Pakistani-Norwegian actress, writer, and director Iram Haq follows up her 2013 debut, the deeply personal I Am Yours, about a single mother’s disconnection from her parents, with another personal and heart-wrenching drama, What Will People Say. When she was fourteen, Haq was kidnapped by her parents in Norway and sent back to Pakistan to live with relatives, deprived of the freedoms she was accustomed to in Scandinavia. In What Will People Say, Maria Mozhdah, in her film debut, gives a powerful performance as Nisha, a teenager caught between her non-Pakistani friends in Norway and the old, fundamentalist ways of her parents and community. At his birthday party, her father, Mirza (Adil Hussain), seems like a good guy, but when he catches Nisha in her bedroom with Daniel (Isak Lie Harr) — they were merely talking, contemplating kissing — he assumes the worst. Believing the family has been disgraced, he takes Nisha, who was considering becoming a doctor, back to an impoverished Pakistani village to live with her aunt (Sheeba Chaddha) and uncle (Lalit Parimoo), where she will essentially be their servant. But when the police see her kissing her cousin Amir (Rohit Saraf) in the street, the family’s added humiliation leads Mirza to consider taking even more extreme action against his confused and desperate daughter.

What Will People Say

Mirza (Adil Hussain) is more worried about how his family is perceived than the truth about his daughter in What Will People Say

What Will People Say is a brutal, gripping look at identity and assimilation in contemporary society, which is particularly relevant in regard to the current migrant and refugee crisis in America and around the world.
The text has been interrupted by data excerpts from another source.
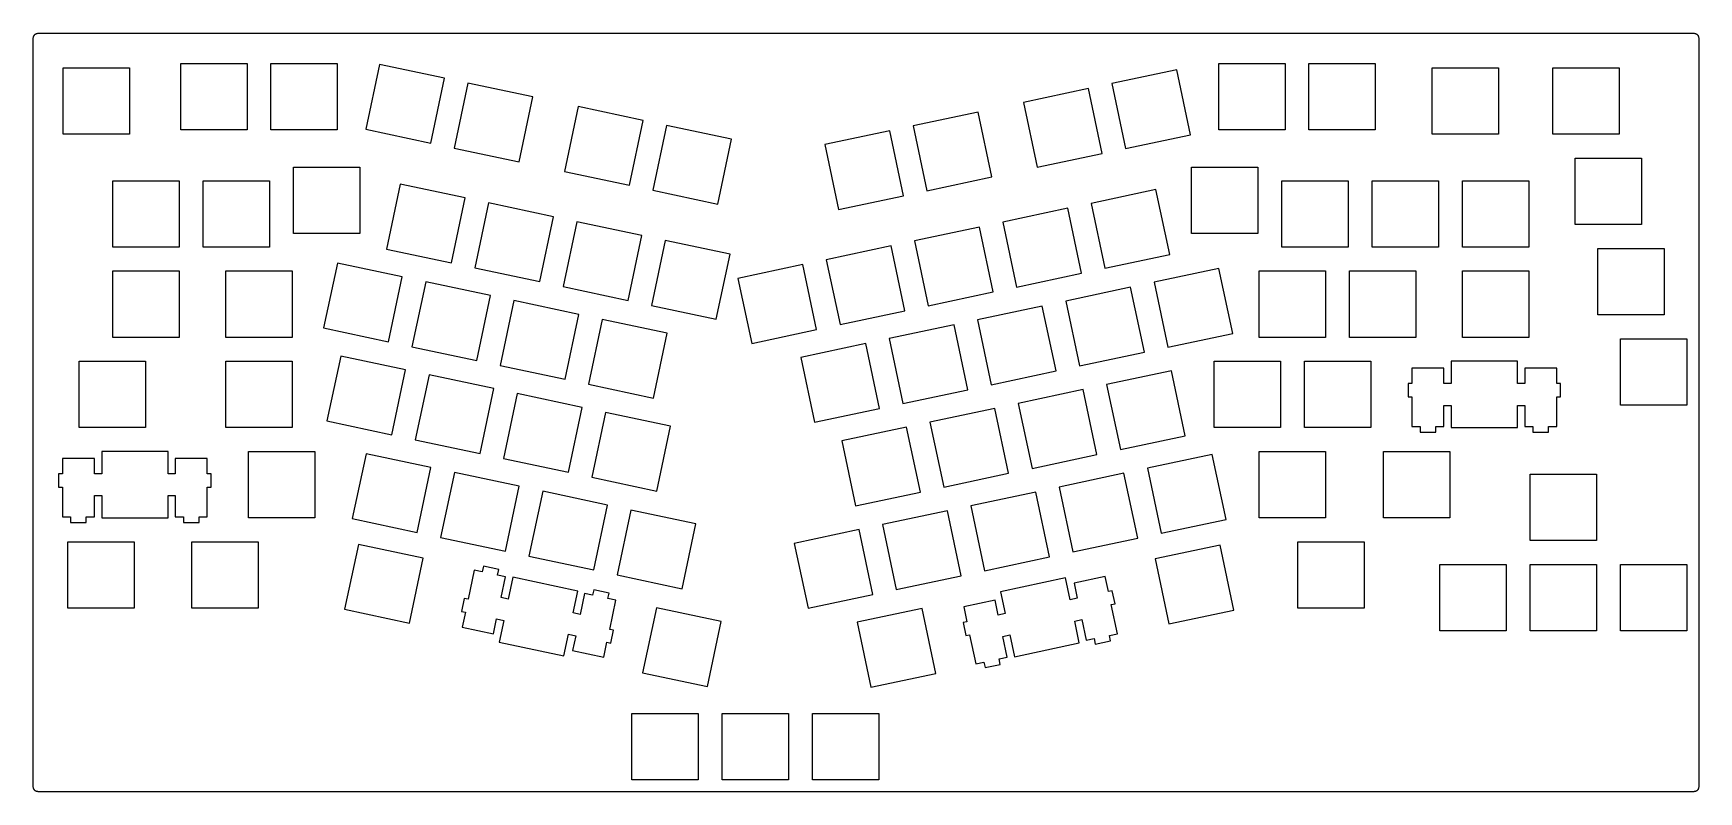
# Model space of a CAD drawing. Extents: x 0 to 352, y 0 to 160.
import ezdxf

# ---------------------------------------------------------------- set-up
doc = ezdxf.new("R2010")
doc.units = 0
doc.layers.get('0').update_dxf_attribs({"linetype": 'CONTINUOUS'})

msp = doc.modelspace()

# ---------------------------------------------------------------- linework, layer by layer
at = {"color": 0}
for p, q in [((0.095085, 159.419), (0.097841, 159.497)), ((0.095085, 1.39871), (0.095085, 159.419)), ((0.097841, 159.497), (0.107487, 159.575)), ((0.107487, 159.575), (0.122645, 159.653)), ((0.122645, 159.653), (0.143316, 159.728)), ((0.143316, 159.728), (0.170877, 159.801)), ((0.170877, 159.801), (0.20395, 159.872)), ((0.20395, 159.872), (0.242535, 159.942)), ((0.242535, 159.942), (0.285254, 160.007)), ((0.285254, 160.007), (0.334863, 160.069)), ((0.334863, 160.069), (0.38723, 160.127)), ((0.38723, 160.127), (0.445107, 160.179)), ((0.445107, 160.179), (0.507118, 160.228)), ((0.507118, 160.228), (0.571885, 160.272)), ((0.571885, 160.272), (0.642165, 160.31)), ((0.642165, 160.31), (0.712445, 160.343)), ((0.712445, 160.343), (0.785481, 160.371)), ((0.785481, 160.371), (0.861275, 160.391)), ((0.861275, 160.391), (0.938445, 160.406)), ((0.938445, 160.406), (1.01699, 160.416)), ((1.01699, 160.416), (1.09554, 160.419)), ((1.09554, 160.419), (350.569, 160.419)), ((350.569, 160.419), (350.646, 160.416)), ((350.646, 160.416), (350.725, 160.406)), ((350.725, 160.406), (350.802, 160.391)), ((350.802, 160.391), (350.877, 160.371)), ((350.877, 160.371), (350.952, 160.343)), ((350.952, 160.343), (351.022, 160.31)), ((351.022, 160.31), (351.091, 160.272)), ((351.091, 160.272), (351.156, 160.228)), ((351.156, 160.228), (351.218, 160.179)), ((351.218, 160.179), (351.276, 160.127)), ((351.276, 160.127), (351.328, 160.069)), ((351.328, 160.069), (351.378, 160.007)), ((351.378, 160.007), (351.422, 159.942)), ((351.422, 159.942), (351.459, 159.872)), ((351.459, 159.872), (351.492, 159.801)), ((351.492, 159.801), (351.52, 159.728)), ((351.52, 159.728), (351.54, 159.653)), ((351.54, 159.653), (351.557, 159.575)), ((351.557, 159.575), (351.565, 159.497)), ((351.565, 159.497), (351.568, 159.419)), ((351.568, 159.419), (351.568, 1.39733)), ((6.42994, 153.132), (20.4308, 153.132)), ((6.42994, 139.131), (6.42994, 153.132)), ((20.4308, 153.132), (20.4308, 139.131)), ((31.196, 154.084), (45.1954, 154.084)), ((31.196, 140.083), (31.196, 154.084)), ((45.1954, 154.084), (45.1954, 140.083)), ((50.2461, 154.084), (64.2454, 154.084)), ((50.2461, 140.083), (50.2461, 154.084)), ((64.2454, 154.084), (64.2454, 140.083)), ((73.1862, 153.865), (70.2758, 140.17)), ((86.8811, 150.954), (73.1862, 153.865)), ((241.398, 152.722), (227.703, 149.812)), ((244.308, 139.029), (241.398, 152.722)), ((250.271, 154.084), (264.27, 154.084)), ((250.271, 140.083), (250.271, 154.084)), ((264.27, 154.084), (264.27, 140.083)), ((269.321, 154.084), (283.32, 154.084)), ((269.321, 140.083), (269.321, 154.084)), ((283.32, 154.084), (283.32, 140.083)), ((295.323, 153.132), (309.324, 153.132)), ((295.323, 139.131), (295.323, 153.132)), ((309.324, 153.132), (309.324, 139.131)), ((320.755, 153.132), (334.754, 153.132)), ((320.755, 139.131), (320.755, 153.132)), ((334.754, 153.132), (334.754, 139.131)), ((83.9692, 137.261), (86.8811, 150.954)), ((91.8199, 149.904), (88.9095, 136.211)), ((105.514, 146.994), (91.8199, 149.904)), ((222.764, 148.762), (209.069, 145.85)), ((225.674, 135.067), (222.764, 148.762)), ((227.703, 149.812), (230.615, 136.117)), ((102.603, 133.299), (105.514, 146.994)), ((115.112, 144.953), (112.201, 131.259)), ((128.807, 142.043), (115.112, 144.953)), ((209.069, 145.85), (211.981, 132.157)), ((125.895, 128.348), (128.807, 142.043)), ((133.745, 140.993), (130.835, 127.299)), ((147.439, 138.081), (133.745, 140.993)), ((199.471, 143.811), (185.777, 140.899)), ((185.777, 140.899), (188.688, 127.205)), ((202.383, 130.116), (199.471, 143.811)), ((20.4308, 139.131), (6.42994, 139.131)), ((45.1954, 140.083), (31.196, 140.083)), ((64.2454, 140.083), (50.2461, 140.083)), ((70.2758, 140.17), (83.9692, 137.261)), ((144.529, 124.387), (147.439, 138.081)), ((180.837, 139.849), (167.144, 136.94)), ((183.749, 126.155), (180.837, 139.849)), ((230.615, 136.117), (244.308, 139.029)), ((264.27, 140.083), (250.271, 140.083)), ((283.32, 140.083), (269.321, 140.083)), ((309.324, 139.131), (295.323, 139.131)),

In many ways, Nisha is the ideal daughter, a smart, sweet, attractive, and caring young woman with a promising future. In fact, her mother (Ekavali Khanna) and father are as proud of her as they are of her older brother, Asif (Ali Arfan), who is also studying to be a doctor. But the frightening difference in the treatment of boys and girls becomes quickly evident when it involves any kind of sexuality in a society that still arranges marriages for their children. Nisha doesn’t understand why her parents are being so abusive to her, especially because, as she repeats over and over, she has done nothing wrong. But she is also unable to tell the Norwegian authorities what is happening to her, fearing further harsh treatment at the hands of her family, unwilling to betray them. The film is reminiscent of Abdullah Oğuz’s 2007 Turkish drama Bliss (Mutuluk), in which a seventeen-year-old girl is raped and her village demands that she be executed in an honor killing. A coproduction of Norway, Germany, and Sweden and told in Norwegian and Urdu, What Will People Say is a difficult film to watch; you keep wanting Misha to speak out and fight back, but the fear of reprisal is so ingrained in her that she is virtually helpless, as old-fashioned, outdated values are hard to break away from even in the modern-day world.